Study material -
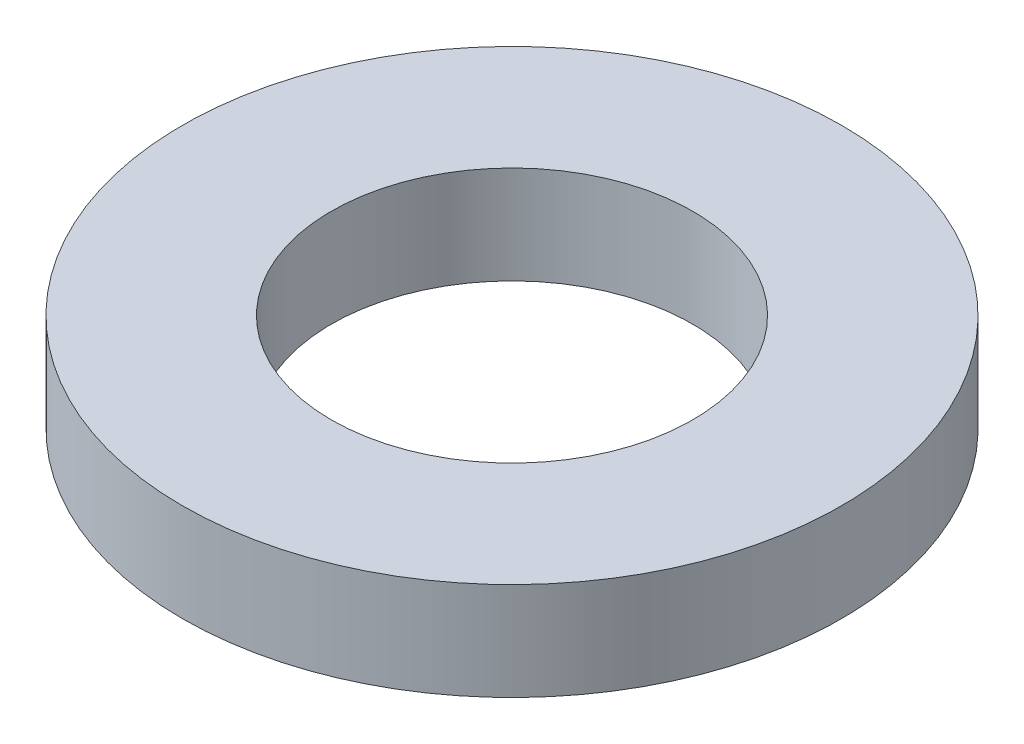
ISO-10303-21;
HEADER;
FILE_DESCRIPTION(('STEP AP214'),'2;1');
FILE_NAME('part.step','',(''),(''),'','','');
FILE_SCHEMA(('AUTOMOTIVE_DESIGN { 1 0 10303 214 1 1 1 1 }'));
ENDSEC;
DATA;
#1=APPLICATION_CONTEXT('core data for automotive mechanical design processes');
#2=APPLICATION_PROTOCOL_DEFINITION('international standard','automotive_design',2000,#1);
#3=PRODUCT_CONTEXT('',#1,'mechanical');
#4=PRODUCT('Part','Part','',(#3));
#5=PRODUCT_RELATED_PRODUCT_CATEGORY('part','',(#4));
#6=PRODUCT_DEFINITION_FORMATION('','',#4);
#7=PRODUCT_DEFINITION_CONTEXT('part definition',#1,'design');
#8=PRODUCT_DEFINITION('design','',#6,#7);
#9=PRODUCT_DEFINITION_SHAPE('','',#8);
#10=(LENGTH_UNIT() NAMED_UNIT(*) SI_UNIT(.MILLI.,.METRE.));
#11=(NAMED_UNIT(*) PLANE_ANGLE_UNIT() SI_UNIT($,.RADIAN.));
#12=(NAMED_UNIT(*) SI_UNIT($,.STERADIAN.) SOLID_ANGLE_UNIT());
#13=UNCERTAINTY_MEASURE_WITH_UNIT(LENGTH_MEASURE(1.E-05),#10,'distance_accuracy_value','');
#14=(GEOMETRIC_REPRESENTATION_CONTEXT(3) GLOBAL_UNCERTAINTY_ASSIGNED_CONTEXT((#13)) GLOBAL_UNIT_ASSIGNED_CONTEXT((#10,
#11,#12)) REPRESENTATION_CONTEXT('',''));
#15=CARTESIAN_POINT('',(0.,0.,0.));
#16=DIRECTION('',(0.,0.,1.));
#17=DIRECTION('',(1.,0.,0.));
#18=AXIS2_PLACEMENT_3D('',#15,#16,#17);
#19=CARTESIAN_POINT('',(0.,23.,0.));
#20=DIRECTION('',(0.,-1.,0.));
#21=DIRECTION('',(0.,0.,-1.));
#22=AXIS2_PLACEMENT_3D('',#19,#20,#21);
#23=CYLINDRICAL_SURFACE('',#22,77.5);
#24=CARTESIAN_POINT('',(0.,23.,0.));
#25=DIRECTION('',(0.,1.,0.));
#26=DIRECTION('',(0.,0.,1.));
#27=AXIS2_PLACEMENT_3D('',#24,#25,#26);
#28=CIRCLE('',#27,77.5);
#29=CARTESIAN_POINT('',(0.,23.,77.5));
#30=VERTEX_POINT('',#29);
#31=EDGE_CURVE('E10',#30,#30,#28,.T.);
#32=ORIENTED_EDGE('',*,*,#31,.F.);
#33=EDGE_LOOP('',(#32));
#34=FACE_BOUND('',#33,.T.);
#35=CARTESIAN_POINT('',(0.,0.,0.));
#36=DIRECTION('',(0.,1.,0.));
#37=DIRECTION('',(0.,0.,1.));
#38=AXIS2_PLACEMENT_3D('',#35,#36,#37);
#39=CIRCLE('',#38,77.5);
#40=CARTESIAN_POINT('',(0.,0.,77.5));
#41=VERTEX_POINT('',#40);
#42=EDGE_CURVE('E37',#41,#41,#39,.T.);
#43=ORIENTED_EDGE('',*,*,#42,.T.);
#44=EDGE_LOOP('',(#43));
#45=FACE_BOUND('',#44,.T.);
#46=ADVANCED_FACE('F40',(#34,#45),#23,.T.);
#47=CARTESIAN_POINT('',(0.,23.,0.));
#48=DIRECTION('',(0.,1.,0.));
#49=DIRECTION('',(0.,0.,1.));
#50=AXIS2_PLACEMENT_3D('',#47,#48,#49);
#51=PLANE('',#50);
#52=CARTESIAN_POINT('',(0.,23.,0.));
#53=DIRECTION('',(0.,1.,0.));
#54=DIRECTION('',(0.,0.,1.));
#55=AXIS2_PLACEMENT_3D('',#52,#53,#54);
#56=CIRCLE('',#55,42.5);
#57=CARTESIAN_POINT('',(0.,23.,42.5));
#58=VERTEX_POINT('',#57);
#59=EDGE_CURVE('E50',#58,#58,#56,.T.);
#60=ORIENTED_EDGE('',*,*,#59,.F.);
#61=EDGE_LOOP('',(#60));
#62=FACE_BOUND('',#61,.T.);
#63=ORIENTED_EDGE('',*,*,#31,.T.);
#64=EDGE_LOOP('',(#63));
#65=FACE_BOUND('',#64,.T.);
#66=ADVANCED_FACE('F59',(#62,#65),#51,.T.);
#67=CARTESIAN_POINT('',(0.,0.,0.));
#68=DIRECTION('',(0.,1.,0.));
#69=DIRECTION('',(0.,0.,1.));
#70=AXIS2_PLACEMENT_3D('',#67,#68,#69);
#71=PLANE('',#70);
#72=CARTESIAN_POINT('',(0.,0.,0.));
#73=DIRECTION('',(0.,1.,0.));
#74=DIRECTION('',(0.,0.,1.));
#75=AXIS2_PLACEMENT_3D('',#72,#73,#74);
#76=CIRCLE('',#75,42.5);
#77=CARTESIAN_POINT('',(0.,0.,42.5));
#78=VERTEX_POINT('',#77);
#79=EDGE_CURVE('E47',#78,#78,#76,.T.);
#80=ORIENTED_EDGE('',*,*,#79,.T.);
#81=EDGE_LOOP('',(#80));
#82=FACE_BOUND('',#81,.T.);
#83=ORIENTED_EDGE('',*,*,#42,.F.);
#84=EDGE_LOOP('',(#83));
#85=FACE_BOUND('',#84,.T.);
#86=ADVANCED_FACE('F58',(#82,#85),#71,.F.);
#87=CARTESIAN_POINT('',(0.,23.,0.));
#88=DIRECTION('',(0.,-1.,0.));
#89=DIRECTION('',(0.,0.,-1.));
#90=AXIS2_PLACEMENT_3D('',#87,#88,#89);
#91=CYLINDRICAL_SURFACE('',#90,42.5);
#92=ORIENTED_EDGE('',*,*,#59,.T.);
#93=EDGE_LOOP('',(#92));
#94=FACE_BOUND('',#93,.T.);
#95=ORIENTED_EDGE('',*,*,#79,.F.);
#96=EDGE_LOOP('',(#95));
#97=FACE_BOUND('',#96,.T.);
#98=ADVANCED_FACE('F54',(#94,#97),#91,.F.);
#99=CLOSED_SHELL('',(#46,#66,#86,#98));
#100=MANIFOLD_SOLID_BREP('B2',#99);
#101=ADVANCED_BREP_SHAPE_REPRESENTATION('',(#18,#100),#14);
#102=SHAPE_DEFINITION_REPRESENTATION(#9,#101);
ENDSEC;
END-ISO-10303-21;

About this exercise -
From the data above, output only the lines between the line containing "#31=EDGE_CURVE('E10',#30,#30,#28,.T.);" and the line containing "#57=CARTESIAN_POINT('',(0.,23.,42.5));", inclusive, exactly as written.

Result of this task -
#31=EDGE_CURVE('E10',#30,#30,#28,.T.);
#32=ORIENTED_EDGE('',*,*,#31,.F.);
#33=EDGE_LOOP('',(#32));
#34=FACE_BOUND('',#33,.T.);
#35=CARTESIAN_POINT('',(0.,0.,0.));
#36=DIRECTION('',(0.,1.,0.));
#37=DIRECTION('',(0.,0.,1.));
#38=AXIS2_PLACEMENT_3D('',#35,#36,#37);
#39=CIRCLE('',#38,77.5);
#40=CARTESIAN_POINT('',(0.,0.,77.5));
#41=VERTEX_POINT('',#40);
#42=EDGE_CURVE('E37',#41,#41,#39,.T.);
#43=ORIENTED_EDGE('',*,*,#42,.T.);
#44=EDGE_LOOP('',(#43));
#45=FACE_BOUND('',#44,.T.);
#46=ADVANCED_FACE('F40',(#34,#45),#23,.T.);
#47=CARTESIAN_POINT('',(0.,23.,0.));
#48=DIRECTION('',(0.,1.,0.));
#49=DIRECTION('',(0.,0.,1.));
#50=AXIS2_PLACEMENT_3D('',#47,#48,#49);
#51=PLANE('',#50);
#52=CARTESIAN_POINT('',(0.,23.,0.));
#53=DIRECTION('',(0.,1.,0.));
#54=DIRECTION('',(0.,0.,1.));
#55=AXIS2_PLACEMENT_3D('',#52,#53,#54);
#56=CIRCLE('',#55,42.5);
#57=CARTESIAN_POINT('',(0.,23.,42.5));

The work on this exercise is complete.